Fue en ocasión que San Antonio se hallaba en Rímini, donde había una gran muchedumbre de herejes [cátaros]. Durante muchos días había tratado de conducirlos a la luz de la verdadera fe y al camino de la verdad, predicándoles y disputando con ellos sobre la fe de Jesucristo y de la Sagrada Escritura. Pero ellos no sólo no aceptaron sus santos razonamientos, sino que, endurecidos y obstinados, no quisieron ni siquiera escucharle; por lo que un día San Antonio, por divina inspiración, se dirigió a la desembocadura del río junto al mar y, colocándose en la orilla entre el mar y el río, comenzó a decir a los peces como predicándoles:
—Oíd la palabra de Dios, peces del mar y del río, ya que esos infieles herejes rehúsan escucharla.
No bien hubo dicho esto, acudió inmediatamente hacia él, en la orilla, tanta muchedumbre de peces grandes, pequeños y medianos como jamás se habían visto, en tan gran número, en todo aquel mar ni en el río. Y todos, con la cabeza fuera del agua, estaban atentos mirando al rostro de San Antonio con gran calma, mansedumbre y orden: en primer término, cerca de la orilla, los más diminutos; detrás, los de tamaño medio, y más adentro, donde la profundidad era mayor, los peces mayores. Cuando todos los peces se hubieron colocado en ese orden y en esa disposición, comenzó San Antonio a predicar solemnemente, diciéndoles:
—Peces hermanos míos: estáis muy obligados a dar gracias, según vuestra posibilidad, a vuestro Creador, que os ha dado tan noble elemento para vuestra habitación, porque tenéis a vuestro placer el agua dulce y el agua salada; os ha dado muchos refugios para esquivar las tempestades. Os ha dado, además, el elemento claro y transparente, y alimento con que sustentaros. Y Dios, vuestro creador cortés y benigno, cuando os creó, os puso el mandato de crecer y multiplicaros y os dio su bendición. Después, al sobrevenir el diluvio universal, todos los demás animales murieron; sólo a vosotros os conservó sin daño. Por añadidura, os ha dado las aletas para poder ir a donde os agrada. A vosotros fue encomendado, por disposición de Dios, poner a salvo al profeta Jonás, echándolo a tierra después de tres días sano y salvo. Vosotros ofrecisteis el censo a nuestro Señor Jesucristo cuando, pobre como era, no venía con qué pagar. Después servisteis de alimento al rey eterno Jesucristo, por misterio singular, antes y después de la resurrección. Por todo ello estáis muy obligados a alabar y bendecir a Dios, que os ha hecho objeto de tantos beneficios, más que a las demás creaturas.

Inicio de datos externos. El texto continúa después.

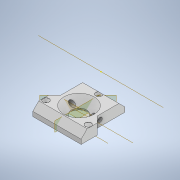
# Autodesk Inventor part: 20_Cube_Insert_Fibercombiner_FPC_filtermount_12.5mmRound_v3
Saved by Autodesk Inventor 2022 (Build 260153000, 153)
## iProperties
Created: 2021-12-04
Part Number: 20_Cube_Insert_Fibercombiner_FPC_filtermount_12.5mmRound_v3
Material: Generisch
Document SubType Name: Modeling
Designer: diederichbenedict
Density: 1 g/cm^3
Appearance: Vorgabe
Author: diederichbenedict
Autodesk Inventor part; units mm, degrees
ref_plane "YZ Plane" through (0, 0, 0) normal (1, 0, 0) x (0, 1, 0)
ref_plane "XZ Plane" through (0, 0, 0) normal (0, 1, 0) x (-1, 0, 0)
ref_plane "XY Plane" through (0, 0, 0) normal (0, 0, 1) x (1, 0, 0)
sketch "Skizze1" plane through (0, 0, 0) normal (0, 1, 0) x (-1, 0, 0)
  line L0 (0, 0) -> (-18, 0)
  line L1 (-18, 0) -> (-18, 28)
  line L2 (-18, 28) -> (0, 28)
  line L3 (0, 28) -> (0, 0)
  dimension "d0" = 18
  dimension "d1" = 28
  constraints: 8 end point, 2 parallel, 1 horizontal, 1 perpendicular
  measures "d0" distance of L1.end L2.end
  measures "d1" distance of L0.end L1.end
extrude "Extrusion1" add sketch "Skizze1" along normal blind 7
ref_plane "Arbeitsebene2" through (9, 0, 0) normal (-0.7071068, 0, -0.7071068) x (0, 1, 0)
ref_plane "Arbeitsebene1" through (9, 0, 0) normal (-1, 0, 0) x (0, 0, 1)
ref_plane "Arbeitsebene3" through (0, 0, 14) normal (0, 0, 1) x (1, 0, 0)
sketch "Skizze6" plane through (0, 0, 0) normal (-1, 0, 0) x (0, 0, 1)
  line L0 (0, 7) -> (28, 7) projected
  line L1 (0, 0) -> (0, 7) projected
  line L2 (0, 0) -> (28, 0) projected
  line L3 (28, 0) -> (28, 7) projected
  line L4 (0, 7) -> (-5, 7)
  line L5 (-5, 7) -> (-5, 0)
  line L6 (-5, 0) -> (0, 0)
  line L7 (0, 0) -> (0, 7)
  dimension "d24" = 5
  constraints: 8 end point, 2 parallel, 1 coincident, 1 horizontal, 1 perpendicular
  measures "d24" distance of L6.end L5.end
extrude "Extrusion6" add sketch "Skizze6" against normal up to surface (18 mm away) contours L1 L6 L5 L4
ref_plane "Arbeitsebene4" through (-15.85, 34.42605, 14.084853) normal (0, 0.7071068, -0.7071068) x (1, 0, 0)
sketch "Skizze7" plane through (-15.85, 34.42605, 14.084853) normal (0, 0.7071068, -0.7071068) x (1, 0, 0)
  point P0 (15.85, 34.302388)
sketch "Skizze8" plane through (0, 0, 0) normal (0, -1, 0) x (1, 0, 0)
  line L0 (0, 28) -> (18, 28) projected
  line L1 (18, 28) -> (18, -5) projected
  line L2 (0, -5) -> (0, 28) projected
  line L3 (0, -5) -> (-3, -5)
  line L4 (-3, -5) -> (-3, 28)
  line L5 (-3, 28) -> (0, 28)
  line L6 (0, 28) -> (0, -5)
  line L7 (18, 28) -> (18, -5) projected
  line L8 (18, 28) -> (21, 28)
  line L9 (21, 28) -> (21, -5)
  line L10 (21, -5) -> (18, -5)
  line L11 (18, -5) -> (18, 28)
  line L12 (0, -5) -> (0, 28) projected
  line L13 (0, -5) -> (18, -5) projected
  point P0 (0, 0)
  dimension "d27" = 3
  dimension "d28" = 3
  constraints: 16 end point, 4 parallel, 2 horizontal, 2 perpendicular, 1 point on line
  measures "d27" distance of L4.end L5.end
  measures "d28" distance of L9.end L10.end
extrude "Extrusion7" add sketch "Skizze8" against normal blind 7 contours L2 L3 L4 L5 | L8 L9 L10 L1
ref_plane "Arbeitsebene5" through (21, -5.727922, 12.727922) normal (0, 0.7071068, -0.7071068) x (-1, 0, 0)
sketch "Skizze10" plane through (-3, 0, -5) normal (-1, 0, 0) x (0, 0, 1)
  line L0 (0, 7) -> (33, 7)
  line L1 (0, 0) -> (0, 7)
  line L2 (33, 0) -> (0, 0)
  line L3 (33, 0) -> (33, 7)
  circle A0 centre (16.5, 3.919305) radius 1.45
  point P0 (5, 0)
  dimension "d38" = 2.9
  constraints: 1 centre point
  measures "d38" diameter of A0
extrude "Extrusion9" cut sketch "Skizze10" against normal through all contours A0
ref_plane "Arbeitsebene6" through (21, -1.485281, 8.485281) normal (0, 0.7071068, -0.7071068) x (-1, 0, 0)
sketch "Skizze14" plane through (21, 0, -5) normal (0, 0, -1) x (-1, 0, 0)
  line L0 (24, 0) -> (0, 0)
  line L1 (3.75, 1.4) -> (20.25, 1.4)
  circle A0 centre (17.510731, 1.4) radius 0.9
  circle A1 centre (7.176394, 1.4) radius 1.009656
  point P0 (21, 0)
  dimension "d55" = 1.8
  constraints: 2 centre point, 1 point on line
  measures "d55" diameter of A0
hole "Bohrung3" at (3.489269, 1.4, -5) at (13.823606, 1.4, -5) direction (0, 0, 1) diameter 1.8 depth 10 tip angle 118 counterbore diameter 4 counterbore depth 4
sketch "Skizze15" plane through (21, 0, 28) normal (1, 0, 0) x (0, 0, -1)
  circle A0 centre (16.5, 3.919305) radius 1.45
  line L0 (0, 7) -> (33, 7)
  line L1 (0, 0) -> (0, 7)
  line L2 (33, 0) -> (0, 0)
  line L3 (33, 0) -> (33, 7)
  line L4 (25.25, 7) -> (5, 7)
  line L5 (10.609557, 7) -> (10.609557, 0)
  point P0 (28, 0)
  constraints: 2 end point, 2 point on line, 1 perpendicular
extrude "Extrusion10" add sketch "Skizze15" along normal blind 4 contours L0 L5 L2 L1
sketch "Skizze16" plane through (-3, 0, -5) normal (-1, 0, 0) x (0, 0, 1)
  line L0 (33, 7) -> (33, 0)
  line L1 (33, 0) -> (22.390443, 0)
  line L2 (22.390443, 0) -> (22.390443, 7)
  line L3 (22.390443, 7) -> (33, 7)
  point P0 (5, 0)
extrude "Extrusion11" add sketch "Skizze16" along normal blind 4
sketch "Skizze13" plane through (21, 7, 8.485281) normal (0, 1, 0) x (-1, 0, 0)
  circle A0 centre (-2, 12.771292) radius 2.45
  circle A1 centre (26, 12.771292) radius 2.45
  circle A2 centre (12, -8.228708) radius 2.75
  point P0 (21, -4.949747)
  point P1 (12, -10.228708)
hole "Bohrung2" at (23, 7, 21.256574) at (-5, 7, 21.256574) at (9, 7, 0.256574) direction (0, -1, 0) diameter 4 depth 0.1 tip angle 118
chamfer "Fase3" distance 4 angle 45 4 edges at (21, 3.5, 17.3904) (-3, 3.5, 17.3904) (9, 7, 28) (9, 7, -5)
sketch "Sketch17" plane through (0, 0, 0) normal (0, -1, 0) x (1, 0, 0)
  line L0 (2.060983, -5) -> (2.060983, -1)
  line L1 (2.060983, -1) -> (4.917554, -1)
  line L2 (4.917554, -1) -> (4.917554, -5)
  line L3 (4.917554, -5) -> (12.39532, -5)
  line L4 (12.39532, -5) -> (12.39532, -1)
  line L5 (12.39532, -1) -> (15.251891, -1)
  line L6 (15.251891, -1) -> (15.251891, -5)
  line L7 (15.251891, -5) -> (21, -5)
  line L8 (21, -5) -> (21, 13.390443)
  line L9 (25, 17.390443) -> (21, 13.390443)
  line L10 (25, 28) -> (25, 17.390443)
  line L11 (-7, 28) -> (25, 28)
  line L12 (-7, 17.390443) -> (-7, 28)
  line L13 (-3, 13.390443) -> (-7, 17.390443)
  line L14 (-3, 13.390443) -> (-3, -5)
  line L15 (-3, -5) -> (2.060983, -5)
  circle A0 centre (9, 13.390443) radius 6.35
  point P0 (0, 0)
  dimension "d70" = 12.7
  constraints: 1 centre point
  measures "d70" diameter of A0
extrude "Extrusion12" cut sketch "Sketch17" against normal blind 2 contours A0
sketch "Sketch18" plane through (0, 7, 0) normal (0, 1, 0) x (1, 0, 0)
  circle A0 centre (9, -13.390443) radius 6.35
  circle A1 centre (9, -13.390443) radius 10
  point P0 (0, 0)
  dimension "d73" = 20
  constraints: 1 centre point, 1 coincident
  measures "d73" diameter of A1
sketch "Sketch18 outline for Extrusion13" plane through (0, 7, 0) normal (0, 1, 0) x (1, 0, 0)
  circle A0 centre (9, -13.390443) radius 10
extrude "Extrusion13" cut sketch "Sketch18 outline for Extrusion13" against normal up to surface (5 mm away) draft -45

A estas y semejantes palabras y enseñanzas de San Antonio, comenzaron los peces a abrir la boca e inclinar la cabeza, alabando a Dios con esos y otros gestos de reverencia. Entonces, San Antonio, a la vista de tanta reverencia de los peces hacia Dios, su creador, lleno de alegría de espíritu, dijo en alta voz:
—Bendito sea el eterno Dios, porque los peces de las aguas le honran más que los hombres herejes, y los animales irracionales escuchan su palabra mejor que los hombres infieles.
Y cuanto más predicaba San Antonio, más crecía la muchedumbre de peces, sin que ninguno se marchara del lugar que había ocupado.
Ante semejante milagro comenzó a acudir el pueblo de la ciudad, y vinieron también los dichos herejes; viendo éstos un milagro tan maravilloso y manifiesto, cayeron de rodillas a los pies de San Antonio con el corazón compungido, dispuestos a escuchar la predicación. Entonces, San Antonio comenzó a predicar sobre la fe católica; y lo hizo con tanta nobleza, que convirtió a todos aquellos herejes y los hizo volver a la verdadera fe de Jesucristo; y todos los fieles quedaron confortados y fortalecidos en la fe. Hecho esto, San Antonio licenció a los peces con la bendición de Dios y todos partieron con admirables demostraciones de alegría; lo mismo hizo el pueblo.
Después, San Antonio se detuvo en Rímini muchos días, predicando y haciendo fruto espiritual en las almas.
En alabanza de Cristo. Amén.
Florecillas de San Francisco de Asís, capítulo XL.